EXERCISE BRIEF » Among the entries, which lines carry the string "boolean"? Copy each of them.

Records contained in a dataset
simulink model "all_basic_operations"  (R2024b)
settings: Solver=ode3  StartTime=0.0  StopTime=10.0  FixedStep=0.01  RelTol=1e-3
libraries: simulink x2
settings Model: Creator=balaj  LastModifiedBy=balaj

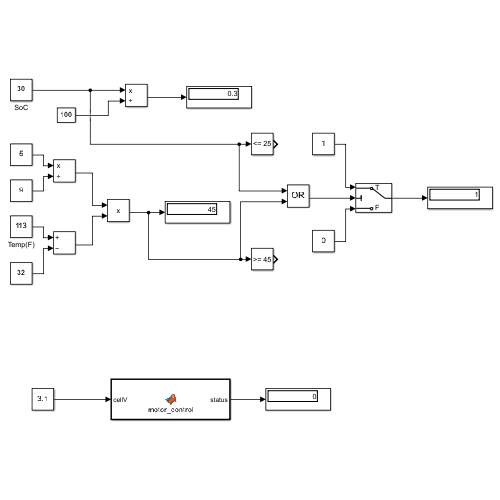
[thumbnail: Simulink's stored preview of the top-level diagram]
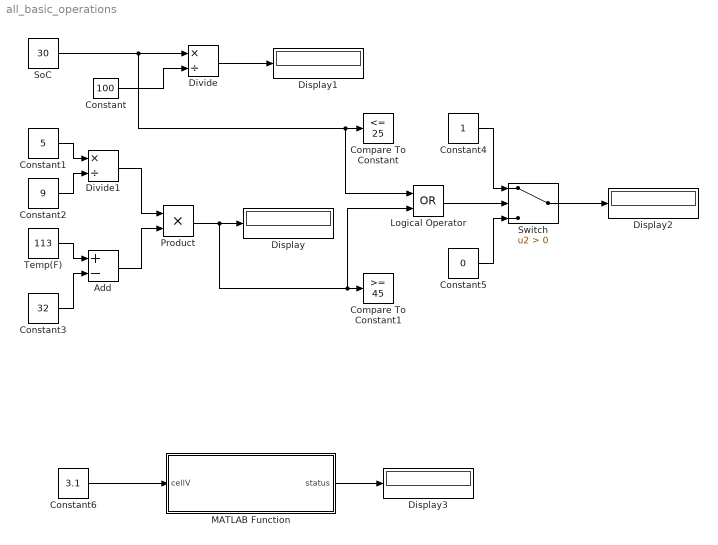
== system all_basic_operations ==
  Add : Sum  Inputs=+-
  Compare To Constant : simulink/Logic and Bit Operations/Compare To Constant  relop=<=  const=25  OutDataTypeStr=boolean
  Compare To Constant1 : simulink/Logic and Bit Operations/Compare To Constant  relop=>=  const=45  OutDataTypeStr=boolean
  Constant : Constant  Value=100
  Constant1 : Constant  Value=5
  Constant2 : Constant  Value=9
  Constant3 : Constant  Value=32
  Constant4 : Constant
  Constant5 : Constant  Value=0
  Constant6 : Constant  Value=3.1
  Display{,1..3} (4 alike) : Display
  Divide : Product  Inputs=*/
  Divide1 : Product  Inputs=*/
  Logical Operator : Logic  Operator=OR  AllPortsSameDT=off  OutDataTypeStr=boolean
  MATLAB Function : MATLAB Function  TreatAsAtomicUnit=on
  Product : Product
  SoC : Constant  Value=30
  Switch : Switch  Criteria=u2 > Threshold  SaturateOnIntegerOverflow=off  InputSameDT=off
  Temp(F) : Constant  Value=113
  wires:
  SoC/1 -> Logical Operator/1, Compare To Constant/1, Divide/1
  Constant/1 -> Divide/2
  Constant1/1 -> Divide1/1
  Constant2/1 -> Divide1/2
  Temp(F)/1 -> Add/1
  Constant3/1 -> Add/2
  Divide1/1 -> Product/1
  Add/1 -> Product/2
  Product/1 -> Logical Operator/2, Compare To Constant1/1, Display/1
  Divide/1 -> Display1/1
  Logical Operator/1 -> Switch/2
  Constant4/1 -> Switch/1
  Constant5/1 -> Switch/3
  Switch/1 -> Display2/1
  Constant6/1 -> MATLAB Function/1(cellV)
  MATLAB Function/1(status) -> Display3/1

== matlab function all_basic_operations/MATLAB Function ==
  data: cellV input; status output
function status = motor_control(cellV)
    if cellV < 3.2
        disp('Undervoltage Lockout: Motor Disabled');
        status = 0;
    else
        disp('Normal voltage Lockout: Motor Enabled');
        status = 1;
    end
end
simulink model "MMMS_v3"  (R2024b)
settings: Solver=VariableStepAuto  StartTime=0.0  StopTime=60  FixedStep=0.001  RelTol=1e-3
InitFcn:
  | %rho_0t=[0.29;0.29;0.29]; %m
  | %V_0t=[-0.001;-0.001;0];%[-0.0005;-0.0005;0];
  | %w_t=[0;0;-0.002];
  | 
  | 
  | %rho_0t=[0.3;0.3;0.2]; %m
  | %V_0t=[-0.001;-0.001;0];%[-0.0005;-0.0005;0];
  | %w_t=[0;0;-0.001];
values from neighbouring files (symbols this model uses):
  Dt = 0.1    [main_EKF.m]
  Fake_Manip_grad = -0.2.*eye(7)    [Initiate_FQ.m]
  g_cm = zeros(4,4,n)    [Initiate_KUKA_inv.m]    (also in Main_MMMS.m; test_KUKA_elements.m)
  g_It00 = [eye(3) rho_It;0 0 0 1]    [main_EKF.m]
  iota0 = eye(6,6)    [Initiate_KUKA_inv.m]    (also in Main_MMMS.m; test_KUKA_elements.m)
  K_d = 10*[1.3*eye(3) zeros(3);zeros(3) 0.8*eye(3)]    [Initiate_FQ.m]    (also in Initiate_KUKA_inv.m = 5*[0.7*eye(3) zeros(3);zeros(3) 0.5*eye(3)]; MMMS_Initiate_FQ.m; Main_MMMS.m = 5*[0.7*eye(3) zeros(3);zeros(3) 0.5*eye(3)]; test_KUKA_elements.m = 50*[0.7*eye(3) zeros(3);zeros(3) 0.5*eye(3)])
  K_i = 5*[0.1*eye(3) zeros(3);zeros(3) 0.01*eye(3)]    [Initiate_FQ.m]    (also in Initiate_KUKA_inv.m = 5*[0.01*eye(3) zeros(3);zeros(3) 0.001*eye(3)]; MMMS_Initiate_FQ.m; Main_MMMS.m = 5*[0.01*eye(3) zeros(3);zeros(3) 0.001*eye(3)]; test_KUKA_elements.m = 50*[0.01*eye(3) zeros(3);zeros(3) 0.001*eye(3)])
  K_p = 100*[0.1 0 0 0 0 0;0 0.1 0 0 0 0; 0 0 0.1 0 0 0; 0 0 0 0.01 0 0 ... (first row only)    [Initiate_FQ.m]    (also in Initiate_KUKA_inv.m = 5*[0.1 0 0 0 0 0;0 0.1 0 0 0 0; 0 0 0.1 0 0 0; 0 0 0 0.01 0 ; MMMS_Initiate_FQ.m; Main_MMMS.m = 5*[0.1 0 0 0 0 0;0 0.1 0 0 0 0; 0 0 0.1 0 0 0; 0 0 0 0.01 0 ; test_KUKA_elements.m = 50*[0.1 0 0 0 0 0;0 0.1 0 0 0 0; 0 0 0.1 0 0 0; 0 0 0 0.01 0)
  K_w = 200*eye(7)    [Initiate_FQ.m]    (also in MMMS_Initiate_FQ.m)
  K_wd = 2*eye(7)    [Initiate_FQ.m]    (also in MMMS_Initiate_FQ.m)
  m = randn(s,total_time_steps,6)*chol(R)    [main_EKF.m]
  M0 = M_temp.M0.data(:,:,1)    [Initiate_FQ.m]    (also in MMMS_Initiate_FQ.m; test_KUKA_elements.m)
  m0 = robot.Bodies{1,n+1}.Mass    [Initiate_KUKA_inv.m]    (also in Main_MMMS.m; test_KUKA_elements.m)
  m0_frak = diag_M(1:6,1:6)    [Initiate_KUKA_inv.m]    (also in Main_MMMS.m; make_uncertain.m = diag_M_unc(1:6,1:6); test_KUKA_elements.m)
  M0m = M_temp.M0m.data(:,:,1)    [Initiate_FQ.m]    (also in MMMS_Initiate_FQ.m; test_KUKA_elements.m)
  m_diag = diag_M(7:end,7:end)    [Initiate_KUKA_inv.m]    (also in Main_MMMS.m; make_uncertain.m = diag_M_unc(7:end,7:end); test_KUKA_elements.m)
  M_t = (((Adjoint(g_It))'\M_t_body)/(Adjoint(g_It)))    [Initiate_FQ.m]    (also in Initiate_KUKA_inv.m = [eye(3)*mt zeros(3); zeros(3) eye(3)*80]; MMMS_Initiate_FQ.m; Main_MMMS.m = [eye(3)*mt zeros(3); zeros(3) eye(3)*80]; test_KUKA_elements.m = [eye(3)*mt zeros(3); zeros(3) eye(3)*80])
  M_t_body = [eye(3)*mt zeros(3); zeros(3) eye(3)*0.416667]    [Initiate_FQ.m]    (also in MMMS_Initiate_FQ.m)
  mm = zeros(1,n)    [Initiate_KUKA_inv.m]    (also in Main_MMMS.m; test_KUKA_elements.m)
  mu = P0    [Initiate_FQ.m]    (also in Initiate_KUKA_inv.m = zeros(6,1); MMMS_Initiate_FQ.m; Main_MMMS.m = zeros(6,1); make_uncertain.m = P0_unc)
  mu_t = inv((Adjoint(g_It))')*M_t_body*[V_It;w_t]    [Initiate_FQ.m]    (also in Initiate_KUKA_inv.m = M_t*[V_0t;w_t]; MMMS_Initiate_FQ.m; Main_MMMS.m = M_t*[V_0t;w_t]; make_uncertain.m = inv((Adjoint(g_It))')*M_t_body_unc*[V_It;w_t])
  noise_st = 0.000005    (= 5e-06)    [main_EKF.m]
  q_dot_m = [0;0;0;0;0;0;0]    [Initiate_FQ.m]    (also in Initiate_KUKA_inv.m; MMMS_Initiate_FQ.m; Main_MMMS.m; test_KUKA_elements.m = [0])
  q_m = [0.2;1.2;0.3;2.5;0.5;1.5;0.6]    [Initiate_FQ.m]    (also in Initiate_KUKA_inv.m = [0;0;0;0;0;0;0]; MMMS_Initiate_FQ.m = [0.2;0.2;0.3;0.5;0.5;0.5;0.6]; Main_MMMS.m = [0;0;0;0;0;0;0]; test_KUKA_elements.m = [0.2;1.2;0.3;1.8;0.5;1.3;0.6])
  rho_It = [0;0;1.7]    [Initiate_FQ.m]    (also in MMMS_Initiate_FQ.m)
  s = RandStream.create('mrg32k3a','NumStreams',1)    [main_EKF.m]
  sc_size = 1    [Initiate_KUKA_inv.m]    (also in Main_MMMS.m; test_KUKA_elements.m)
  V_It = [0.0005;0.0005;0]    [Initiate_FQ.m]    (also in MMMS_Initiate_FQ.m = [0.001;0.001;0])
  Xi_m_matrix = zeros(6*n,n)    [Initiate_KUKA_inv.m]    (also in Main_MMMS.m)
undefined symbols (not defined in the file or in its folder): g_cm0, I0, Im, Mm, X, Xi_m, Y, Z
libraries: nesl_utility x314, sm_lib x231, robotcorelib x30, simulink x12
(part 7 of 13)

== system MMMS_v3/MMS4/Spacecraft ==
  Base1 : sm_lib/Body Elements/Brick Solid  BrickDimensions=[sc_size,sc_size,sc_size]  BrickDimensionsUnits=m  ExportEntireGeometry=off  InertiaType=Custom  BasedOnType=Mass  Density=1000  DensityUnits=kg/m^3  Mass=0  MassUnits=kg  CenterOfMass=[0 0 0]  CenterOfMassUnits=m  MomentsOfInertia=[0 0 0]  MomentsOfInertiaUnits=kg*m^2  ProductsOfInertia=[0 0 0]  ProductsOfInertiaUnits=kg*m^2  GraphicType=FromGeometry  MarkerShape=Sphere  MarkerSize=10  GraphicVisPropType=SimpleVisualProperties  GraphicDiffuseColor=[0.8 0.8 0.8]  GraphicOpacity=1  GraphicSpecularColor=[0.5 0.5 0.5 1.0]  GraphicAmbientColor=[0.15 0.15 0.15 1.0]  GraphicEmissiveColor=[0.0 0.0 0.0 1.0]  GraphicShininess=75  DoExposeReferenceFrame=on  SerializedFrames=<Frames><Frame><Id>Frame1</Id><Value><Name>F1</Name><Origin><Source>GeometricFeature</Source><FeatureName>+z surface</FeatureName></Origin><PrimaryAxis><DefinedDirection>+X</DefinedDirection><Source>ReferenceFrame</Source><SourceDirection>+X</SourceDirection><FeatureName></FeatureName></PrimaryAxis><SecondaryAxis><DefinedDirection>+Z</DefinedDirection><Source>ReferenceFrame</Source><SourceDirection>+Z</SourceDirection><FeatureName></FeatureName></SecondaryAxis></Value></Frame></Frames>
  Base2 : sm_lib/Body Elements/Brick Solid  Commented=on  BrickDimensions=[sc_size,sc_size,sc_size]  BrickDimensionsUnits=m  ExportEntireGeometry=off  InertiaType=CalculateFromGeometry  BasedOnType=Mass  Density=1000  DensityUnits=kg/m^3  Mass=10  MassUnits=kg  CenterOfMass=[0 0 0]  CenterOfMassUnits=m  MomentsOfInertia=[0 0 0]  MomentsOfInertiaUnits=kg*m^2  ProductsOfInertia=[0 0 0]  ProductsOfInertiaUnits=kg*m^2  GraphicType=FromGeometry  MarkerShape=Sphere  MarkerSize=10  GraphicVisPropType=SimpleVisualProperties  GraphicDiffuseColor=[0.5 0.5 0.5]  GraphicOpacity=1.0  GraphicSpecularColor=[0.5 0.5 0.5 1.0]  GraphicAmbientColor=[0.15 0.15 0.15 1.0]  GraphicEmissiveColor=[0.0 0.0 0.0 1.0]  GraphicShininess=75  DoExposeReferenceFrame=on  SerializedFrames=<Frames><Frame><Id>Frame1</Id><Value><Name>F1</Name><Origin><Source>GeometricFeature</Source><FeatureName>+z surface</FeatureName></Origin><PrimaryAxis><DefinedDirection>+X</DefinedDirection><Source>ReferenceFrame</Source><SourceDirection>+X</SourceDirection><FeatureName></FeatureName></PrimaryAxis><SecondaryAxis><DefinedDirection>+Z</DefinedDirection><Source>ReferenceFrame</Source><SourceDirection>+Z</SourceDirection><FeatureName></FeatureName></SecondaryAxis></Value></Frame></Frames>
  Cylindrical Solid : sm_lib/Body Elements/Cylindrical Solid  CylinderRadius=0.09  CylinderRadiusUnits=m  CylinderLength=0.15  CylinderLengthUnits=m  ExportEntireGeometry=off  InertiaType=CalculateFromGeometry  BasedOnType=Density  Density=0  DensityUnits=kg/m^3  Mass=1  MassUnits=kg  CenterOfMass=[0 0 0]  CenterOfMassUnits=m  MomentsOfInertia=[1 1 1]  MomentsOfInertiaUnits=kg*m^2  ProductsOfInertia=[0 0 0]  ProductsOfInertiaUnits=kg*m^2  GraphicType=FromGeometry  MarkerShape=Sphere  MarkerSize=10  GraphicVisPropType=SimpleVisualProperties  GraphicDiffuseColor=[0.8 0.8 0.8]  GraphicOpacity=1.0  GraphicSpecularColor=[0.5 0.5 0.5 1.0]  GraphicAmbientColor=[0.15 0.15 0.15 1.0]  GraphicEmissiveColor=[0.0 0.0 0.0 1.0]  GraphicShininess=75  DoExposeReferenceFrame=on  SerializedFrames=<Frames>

ANSWER BOX »
  Compare To Constant : simulink/Logic and Bit Operations/Compare To Constant  relop=<=  const=25  OutDataTypeStr=boolean
  Compare To Constant1 : simulink/Logic and Bit Operations/Compare To Constant  relop=>=  const=45  OutDataTypeStr=boolean
  Logical Operator : Logic  Operator=OR  AllPortsSameDT=off  OutDataTypeStr=boolean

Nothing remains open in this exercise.